Looks pretty sturdy.

I'm not a carpenter or anything, so I'm asking this out of ignorance, but why go with a single diagonal brace in the back 3 segments instead of an X brace of some type?

Also, do you have any pics of the finished product?


----------



## Mcdaphnia (Dec 16, 2003)

gaqua said:


> Looks pretty sturdy.
> 
> I'm not a carpenter or anything, so I'm asking this out of ignorance, but why go with a single diagonal brace in the back 3 segments instead of an X brace of some type?
> 
> Also, do you have any pics of the finished product?


 You see the X- brace on metal shelving. It is used there because the metal strap only works in one direction, when it resists a pulling force, so you need two in opposing directions. Wood is more rigid so it will work in both directions. A single diagonal wood brace will work if well secured.

The weak point of this stand is the 4 by 4's. 4 by 4's are not as strong as two 2 by 4's sandwiched together with a half inch plywood "filling". Over time 4 by 4's are much more prone to twist and bend than other lumber dimensions. Also they are hard to find in untreated form. The treated 4 by 4's cannot be safely used indoors because they release toxins that affect both animals and plants. There are paints and fiberglass coatings that will largely seal in those toxins, but eventually that protective film will break down and be breached. The short "floor joists" at the bottom contribute nothing to the stand design. They could be omitted with no loss of strength or anything. The ones at the top would be needed if the tank is plywood or acrylic. Those tanks should have solid bottom support. The top "floor joists" could be left out if the tank is glass with a floating bottom which only needs perimeter support, but leaving them in would give the option of replacing the tank with plywood or acrylic if the need ever arose.


----------



## iceblue (Apr 27, 2004)

Mcdaphnia wrote:


> The weak point of this stand is the 4 by 4's. 4 by 4's are not as strong as two 2 by 4's sandwiched together


Agreed, but I did spend a lot of time going through a stack of untreated 4 x 4's looking for 8' pieces with low moisture content, no checks or cracks and little or no bend. I had an almost full stack laid out on the floor at the Depot and the lumber guy kept walking by shaking his head. After I picked out the 4 pieces I was happy with I started re-stacking the cull. He came over and helped and said he appreciated me putting everything back in place. A lot of yo-yo's just leave it.

The stand was built 3 years ago and sat in my garage for almost 2 years without any paint or sealer protecting the wood and even at very high and low desert temperatures there has been no bend or twist. The whole frame of the stand since then has been caulked and painted with Elasto-Seal. ( I had a gallon of the type that was potable water safe.)

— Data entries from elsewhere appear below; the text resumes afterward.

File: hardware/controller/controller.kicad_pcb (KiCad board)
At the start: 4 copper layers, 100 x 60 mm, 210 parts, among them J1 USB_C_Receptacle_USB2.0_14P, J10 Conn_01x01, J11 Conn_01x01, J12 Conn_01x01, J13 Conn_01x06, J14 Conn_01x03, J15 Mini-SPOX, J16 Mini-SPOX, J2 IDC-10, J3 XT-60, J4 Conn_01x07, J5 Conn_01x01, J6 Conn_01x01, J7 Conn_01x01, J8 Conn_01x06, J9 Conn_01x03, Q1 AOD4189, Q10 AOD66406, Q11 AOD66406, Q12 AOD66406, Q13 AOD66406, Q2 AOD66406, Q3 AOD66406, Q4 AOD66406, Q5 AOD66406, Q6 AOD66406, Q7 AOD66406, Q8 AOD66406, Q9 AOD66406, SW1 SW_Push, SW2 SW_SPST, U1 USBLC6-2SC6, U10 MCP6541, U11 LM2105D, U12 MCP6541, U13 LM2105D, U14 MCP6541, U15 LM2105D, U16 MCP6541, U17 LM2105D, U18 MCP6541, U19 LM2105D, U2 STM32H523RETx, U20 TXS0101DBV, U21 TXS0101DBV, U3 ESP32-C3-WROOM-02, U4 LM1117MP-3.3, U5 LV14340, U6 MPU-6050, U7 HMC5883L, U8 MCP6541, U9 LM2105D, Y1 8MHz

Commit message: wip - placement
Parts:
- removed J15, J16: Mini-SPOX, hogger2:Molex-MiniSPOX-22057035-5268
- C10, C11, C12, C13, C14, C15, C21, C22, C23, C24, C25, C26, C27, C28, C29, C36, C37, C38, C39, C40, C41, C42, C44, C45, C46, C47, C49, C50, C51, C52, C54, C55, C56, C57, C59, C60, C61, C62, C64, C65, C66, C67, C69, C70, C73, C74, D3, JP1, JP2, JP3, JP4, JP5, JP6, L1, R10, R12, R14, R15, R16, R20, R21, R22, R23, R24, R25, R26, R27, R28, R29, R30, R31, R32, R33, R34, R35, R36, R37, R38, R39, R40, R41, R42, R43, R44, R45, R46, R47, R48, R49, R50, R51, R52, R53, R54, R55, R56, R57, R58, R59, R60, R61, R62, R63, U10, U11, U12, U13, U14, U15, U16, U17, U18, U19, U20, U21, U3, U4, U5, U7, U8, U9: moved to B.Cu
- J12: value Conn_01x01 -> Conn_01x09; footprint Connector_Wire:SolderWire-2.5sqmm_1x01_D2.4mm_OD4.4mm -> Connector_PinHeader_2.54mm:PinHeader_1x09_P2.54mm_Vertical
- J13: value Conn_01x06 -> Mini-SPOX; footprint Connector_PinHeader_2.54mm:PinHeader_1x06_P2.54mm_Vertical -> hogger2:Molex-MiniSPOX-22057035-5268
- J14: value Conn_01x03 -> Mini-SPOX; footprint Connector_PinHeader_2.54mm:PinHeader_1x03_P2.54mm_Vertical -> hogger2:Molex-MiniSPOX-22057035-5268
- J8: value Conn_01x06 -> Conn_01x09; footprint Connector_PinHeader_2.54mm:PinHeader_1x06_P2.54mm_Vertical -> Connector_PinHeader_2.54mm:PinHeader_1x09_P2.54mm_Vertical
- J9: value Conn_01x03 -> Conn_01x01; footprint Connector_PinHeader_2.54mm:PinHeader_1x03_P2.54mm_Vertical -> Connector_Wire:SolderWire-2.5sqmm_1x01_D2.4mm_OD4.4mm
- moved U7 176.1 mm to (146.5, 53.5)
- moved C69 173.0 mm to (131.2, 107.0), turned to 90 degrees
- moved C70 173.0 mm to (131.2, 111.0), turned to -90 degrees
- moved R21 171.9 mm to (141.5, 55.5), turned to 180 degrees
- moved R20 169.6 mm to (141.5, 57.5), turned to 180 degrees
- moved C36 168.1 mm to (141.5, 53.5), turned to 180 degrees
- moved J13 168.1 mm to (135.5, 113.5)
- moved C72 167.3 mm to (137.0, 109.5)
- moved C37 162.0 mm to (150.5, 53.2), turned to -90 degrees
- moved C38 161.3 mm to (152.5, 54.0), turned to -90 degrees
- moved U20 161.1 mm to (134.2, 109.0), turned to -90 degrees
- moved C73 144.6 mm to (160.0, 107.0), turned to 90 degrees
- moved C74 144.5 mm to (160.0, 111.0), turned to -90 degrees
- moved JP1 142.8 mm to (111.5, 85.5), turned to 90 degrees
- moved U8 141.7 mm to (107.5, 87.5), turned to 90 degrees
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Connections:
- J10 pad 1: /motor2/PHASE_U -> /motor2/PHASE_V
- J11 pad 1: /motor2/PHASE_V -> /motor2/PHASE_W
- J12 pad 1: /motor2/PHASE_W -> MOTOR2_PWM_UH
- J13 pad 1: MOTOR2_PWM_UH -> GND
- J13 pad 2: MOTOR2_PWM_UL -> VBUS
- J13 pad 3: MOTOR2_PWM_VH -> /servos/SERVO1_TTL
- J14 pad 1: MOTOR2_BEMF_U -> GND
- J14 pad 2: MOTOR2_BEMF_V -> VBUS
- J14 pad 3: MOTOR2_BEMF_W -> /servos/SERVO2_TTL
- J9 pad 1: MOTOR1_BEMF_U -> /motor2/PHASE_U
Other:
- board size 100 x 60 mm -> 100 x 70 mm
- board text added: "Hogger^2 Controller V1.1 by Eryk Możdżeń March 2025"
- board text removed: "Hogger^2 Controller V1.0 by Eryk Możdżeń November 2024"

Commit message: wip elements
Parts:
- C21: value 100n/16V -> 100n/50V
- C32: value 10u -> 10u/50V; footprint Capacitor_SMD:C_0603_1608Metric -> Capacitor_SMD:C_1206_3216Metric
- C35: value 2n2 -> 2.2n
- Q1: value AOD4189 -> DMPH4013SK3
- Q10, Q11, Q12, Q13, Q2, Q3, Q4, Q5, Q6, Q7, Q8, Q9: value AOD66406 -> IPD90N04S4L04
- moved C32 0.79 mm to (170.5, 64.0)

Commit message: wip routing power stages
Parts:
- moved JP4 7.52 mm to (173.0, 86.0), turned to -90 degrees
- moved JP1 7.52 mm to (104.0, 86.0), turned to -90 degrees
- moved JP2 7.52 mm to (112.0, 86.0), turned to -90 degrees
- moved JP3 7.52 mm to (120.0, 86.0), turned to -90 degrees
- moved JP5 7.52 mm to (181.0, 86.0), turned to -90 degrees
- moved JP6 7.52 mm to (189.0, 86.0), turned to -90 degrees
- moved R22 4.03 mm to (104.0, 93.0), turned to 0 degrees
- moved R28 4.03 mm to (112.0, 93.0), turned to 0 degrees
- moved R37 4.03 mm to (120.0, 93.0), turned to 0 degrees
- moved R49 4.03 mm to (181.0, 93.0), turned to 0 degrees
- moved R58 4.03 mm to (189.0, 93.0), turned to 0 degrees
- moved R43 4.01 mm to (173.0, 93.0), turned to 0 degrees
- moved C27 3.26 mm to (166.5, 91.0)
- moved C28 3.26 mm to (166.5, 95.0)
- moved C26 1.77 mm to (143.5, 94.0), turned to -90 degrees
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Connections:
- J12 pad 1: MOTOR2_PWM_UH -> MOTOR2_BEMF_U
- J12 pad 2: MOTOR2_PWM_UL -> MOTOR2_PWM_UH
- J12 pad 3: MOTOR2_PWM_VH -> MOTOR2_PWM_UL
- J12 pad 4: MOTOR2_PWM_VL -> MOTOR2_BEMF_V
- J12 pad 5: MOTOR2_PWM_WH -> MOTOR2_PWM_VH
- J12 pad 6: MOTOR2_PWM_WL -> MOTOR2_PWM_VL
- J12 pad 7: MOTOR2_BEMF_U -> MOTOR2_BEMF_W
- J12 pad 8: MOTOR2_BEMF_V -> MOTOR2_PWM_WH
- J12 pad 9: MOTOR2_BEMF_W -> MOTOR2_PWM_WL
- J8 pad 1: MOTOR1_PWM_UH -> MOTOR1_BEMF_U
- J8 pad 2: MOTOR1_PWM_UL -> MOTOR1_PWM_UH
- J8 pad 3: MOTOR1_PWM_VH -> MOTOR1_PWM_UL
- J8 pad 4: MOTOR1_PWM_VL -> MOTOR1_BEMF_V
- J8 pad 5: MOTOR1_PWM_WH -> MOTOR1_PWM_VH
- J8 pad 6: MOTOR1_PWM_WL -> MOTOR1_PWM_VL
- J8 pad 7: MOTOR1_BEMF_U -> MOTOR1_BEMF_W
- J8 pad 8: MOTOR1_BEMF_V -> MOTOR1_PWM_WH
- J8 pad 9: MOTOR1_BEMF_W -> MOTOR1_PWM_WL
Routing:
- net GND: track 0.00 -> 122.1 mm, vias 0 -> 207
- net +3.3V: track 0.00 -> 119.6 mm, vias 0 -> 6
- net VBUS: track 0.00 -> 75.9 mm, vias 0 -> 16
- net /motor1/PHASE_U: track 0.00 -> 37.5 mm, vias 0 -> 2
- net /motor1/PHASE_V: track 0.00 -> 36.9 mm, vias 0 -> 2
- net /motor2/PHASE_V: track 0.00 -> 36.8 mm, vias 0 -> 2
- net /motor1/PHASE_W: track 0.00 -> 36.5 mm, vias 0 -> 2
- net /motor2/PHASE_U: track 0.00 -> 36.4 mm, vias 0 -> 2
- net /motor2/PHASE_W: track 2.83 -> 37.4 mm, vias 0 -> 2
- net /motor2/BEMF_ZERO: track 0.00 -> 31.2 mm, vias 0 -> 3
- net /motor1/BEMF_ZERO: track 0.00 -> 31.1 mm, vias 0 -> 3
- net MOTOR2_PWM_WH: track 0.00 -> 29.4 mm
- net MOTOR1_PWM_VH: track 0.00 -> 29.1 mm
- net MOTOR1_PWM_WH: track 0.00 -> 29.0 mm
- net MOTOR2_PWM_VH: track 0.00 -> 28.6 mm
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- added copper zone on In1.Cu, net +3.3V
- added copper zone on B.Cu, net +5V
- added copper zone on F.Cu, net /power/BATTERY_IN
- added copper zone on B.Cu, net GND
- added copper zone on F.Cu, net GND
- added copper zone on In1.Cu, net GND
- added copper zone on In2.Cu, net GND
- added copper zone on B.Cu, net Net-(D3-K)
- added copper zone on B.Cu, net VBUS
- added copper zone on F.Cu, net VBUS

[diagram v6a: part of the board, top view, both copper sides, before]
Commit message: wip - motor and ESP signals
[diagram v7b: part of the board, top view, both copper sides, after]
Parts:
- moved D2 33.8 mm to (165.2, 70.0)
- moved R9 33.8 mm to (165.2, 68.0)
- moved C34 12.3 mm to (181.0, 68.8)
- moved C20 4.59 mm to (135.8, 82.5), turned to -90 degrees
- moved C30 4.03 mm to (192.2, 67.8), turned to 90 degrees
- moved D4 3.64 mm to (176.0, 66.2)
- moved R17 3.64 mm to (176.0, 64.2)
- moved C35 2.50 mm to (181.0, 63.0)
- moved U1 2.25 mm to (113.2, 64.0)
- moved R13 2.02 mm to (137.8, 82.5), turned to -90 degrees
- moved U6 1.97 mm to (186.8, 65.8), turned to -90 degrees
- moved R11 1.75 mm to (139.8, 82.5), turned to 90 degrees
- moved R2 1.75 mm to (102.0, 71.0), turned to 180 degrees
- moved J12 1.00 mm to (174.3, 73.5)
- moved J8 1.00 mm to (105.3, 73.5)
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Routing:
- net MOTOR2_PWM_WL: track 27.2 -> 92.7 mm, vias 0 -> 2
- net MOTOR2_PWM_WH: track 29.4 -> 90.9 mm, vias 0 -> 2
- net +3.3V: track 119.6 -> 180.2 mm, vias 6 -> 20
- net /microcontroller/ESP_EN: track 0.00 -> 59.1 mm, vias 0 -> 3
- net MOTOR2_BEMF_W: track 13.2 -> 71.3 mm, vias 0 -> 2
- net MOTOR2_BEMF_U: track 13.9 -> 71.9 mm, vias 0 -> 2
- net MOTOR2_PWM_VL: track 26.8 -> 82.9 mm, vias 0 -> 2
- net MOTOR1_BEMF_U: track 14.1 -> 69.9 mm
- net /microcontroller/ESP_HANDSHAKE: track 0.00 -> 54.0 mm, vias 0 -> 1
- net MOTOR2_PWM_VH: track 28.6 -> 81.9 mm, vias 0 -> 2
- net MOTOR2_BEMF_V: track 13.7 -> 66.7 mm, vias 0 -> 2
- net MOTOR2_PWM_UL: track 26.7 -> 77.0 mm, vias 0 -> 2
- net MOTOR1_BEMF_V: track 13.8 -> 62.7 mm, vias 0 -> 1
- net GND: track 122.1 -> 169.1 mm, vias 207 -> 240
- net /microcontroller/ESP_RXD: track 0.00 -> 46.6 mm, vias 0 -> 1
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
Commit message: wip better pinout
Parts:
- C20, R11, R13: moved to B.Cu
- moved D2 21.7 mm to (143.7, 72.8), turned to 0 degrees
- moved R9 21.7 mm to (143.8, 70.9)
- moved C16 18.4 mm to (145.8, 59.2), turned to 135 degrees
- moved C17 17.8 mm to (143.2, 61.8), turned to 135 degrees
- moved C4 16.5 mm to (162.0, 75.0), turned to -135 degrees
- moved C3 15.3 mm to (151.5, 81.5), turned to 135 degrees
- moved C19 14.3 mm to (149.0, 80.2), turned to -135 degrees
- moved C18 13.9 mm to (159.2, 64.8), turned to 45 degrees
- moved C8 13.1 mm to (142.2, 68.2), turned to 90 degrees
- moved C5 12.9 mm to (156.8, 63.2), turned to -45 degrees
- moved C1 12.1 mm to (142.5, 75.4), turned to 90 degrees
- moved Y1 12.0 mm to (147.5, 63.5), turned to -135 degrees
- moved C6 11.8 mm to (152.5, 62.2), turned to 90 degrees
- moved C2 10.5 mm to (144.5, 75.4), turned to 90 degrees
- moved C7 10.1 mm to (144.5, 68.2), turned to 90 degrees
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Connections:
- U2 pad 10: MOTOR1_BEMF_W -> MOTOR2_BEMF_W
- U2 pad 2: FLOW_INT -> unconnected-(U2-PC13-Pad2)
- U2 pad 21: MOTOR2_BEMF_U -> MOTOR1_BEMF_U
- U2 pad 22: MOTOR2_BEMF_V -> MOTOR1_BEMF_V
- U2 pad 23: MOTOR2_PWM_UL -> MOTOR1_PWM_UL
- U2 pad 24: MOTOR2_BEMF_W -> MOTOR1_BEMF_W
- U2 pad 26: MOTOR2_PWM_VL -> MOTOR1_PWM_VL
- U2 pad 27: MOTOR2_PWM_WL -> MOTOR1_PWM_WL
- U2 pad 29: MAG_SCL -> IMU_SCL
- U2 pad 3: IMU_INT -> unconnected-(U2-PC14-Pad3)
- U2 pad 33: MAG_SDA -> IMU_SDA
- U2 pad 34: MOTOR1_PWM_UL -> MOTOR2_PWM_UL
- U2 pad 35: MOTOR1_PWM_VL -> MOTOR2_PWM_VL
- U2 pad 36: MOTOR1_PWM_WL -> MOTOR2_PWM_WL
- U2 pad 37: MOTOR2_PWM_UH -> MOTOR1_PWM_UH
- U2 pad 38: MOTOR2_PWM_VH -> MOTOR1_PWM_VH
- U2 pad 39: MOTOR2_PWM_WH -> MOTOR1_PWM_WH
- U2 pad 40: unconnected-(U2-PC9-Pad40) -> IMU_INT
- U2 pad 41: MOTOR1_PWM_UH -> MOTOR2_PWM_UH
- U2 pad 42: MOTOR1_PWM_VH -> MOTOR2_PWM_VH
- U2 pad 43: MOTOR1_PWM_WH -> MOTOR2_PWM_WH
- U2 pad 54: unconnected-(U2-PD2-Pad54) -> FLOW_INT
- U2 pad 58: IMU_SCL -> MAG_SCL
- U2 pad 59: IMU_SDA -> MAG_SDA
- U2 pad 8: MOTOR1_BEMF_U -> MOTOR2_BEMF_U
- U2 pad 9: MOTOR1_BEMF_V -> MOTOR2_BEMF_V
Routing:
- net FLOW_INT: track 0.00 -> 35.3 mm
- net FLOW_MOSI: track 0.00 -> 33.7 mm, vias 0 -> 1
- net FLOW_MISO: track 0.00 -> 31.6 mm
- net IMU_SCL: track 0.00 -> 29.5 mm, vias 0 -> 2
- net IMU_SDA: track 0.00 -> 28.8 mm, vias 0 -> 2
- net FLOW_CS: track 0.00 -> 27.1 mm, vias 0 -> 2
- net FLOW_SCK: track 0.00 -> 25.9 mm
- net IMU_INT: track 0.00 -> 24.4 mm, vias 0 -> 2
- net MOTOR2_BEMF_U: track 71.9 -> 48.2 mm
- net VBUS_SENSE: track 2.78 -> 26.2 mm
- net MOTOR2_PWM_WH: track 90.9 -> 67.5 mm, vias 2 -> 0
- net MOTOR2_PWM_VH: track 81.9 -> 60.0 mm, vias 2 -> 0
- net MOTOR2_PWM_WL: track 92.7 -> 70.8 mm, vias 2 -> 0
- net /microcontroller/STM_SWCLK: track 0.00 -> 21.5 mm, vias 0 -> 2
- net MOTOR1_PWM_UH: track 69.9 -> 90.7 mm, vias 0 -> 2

> The short "floor joists" at the bottom contribute nothing to the stand design.


Agree here too. In my case the joist are there to support a 150g capacity plywood sump although I'll be running it at the 100g mark.



> The ones at the top would be needed if the tank is plywood or acrylic.


It is a plywood tank. The "joist" on top were clamped in place and had a couple of wood screws to hold them in position so I could pre-drilled everything to except 5/16" x 6" lags. I then took it all apart and re-clamped everything in position using heavy duty Liquid Nail. The holes in the face frame were counter-sunk to place over-sized washers. I went just deep enough so when the lags were tightened they compressed the wood a bit but still remained flushed with the outside frame. I also drilled the beginning of the holes just deep enough and a hair under the circumference of the smooth part of the shaft at the top of the lag. The short 2 x 6 braces at the front are also lagged.

Gagua wrote:


> Also, do you have any pics of the finished product?


Inside view with first coat of paint.










Over-all project.


----------



## addicted2cichlid (Apr 8, 2008)

sick man, nice work!  :thumb:


----------



## loogielv (Nov 10, 2008)

so you built the stand and didn't do anything with it for 2 years and are starting on the tank? or has the tank been setup as well?

what are the dimensions of the tank?

Can any specs on teh canopy? that thing is a beast!

What is the clear box on the side of the tank?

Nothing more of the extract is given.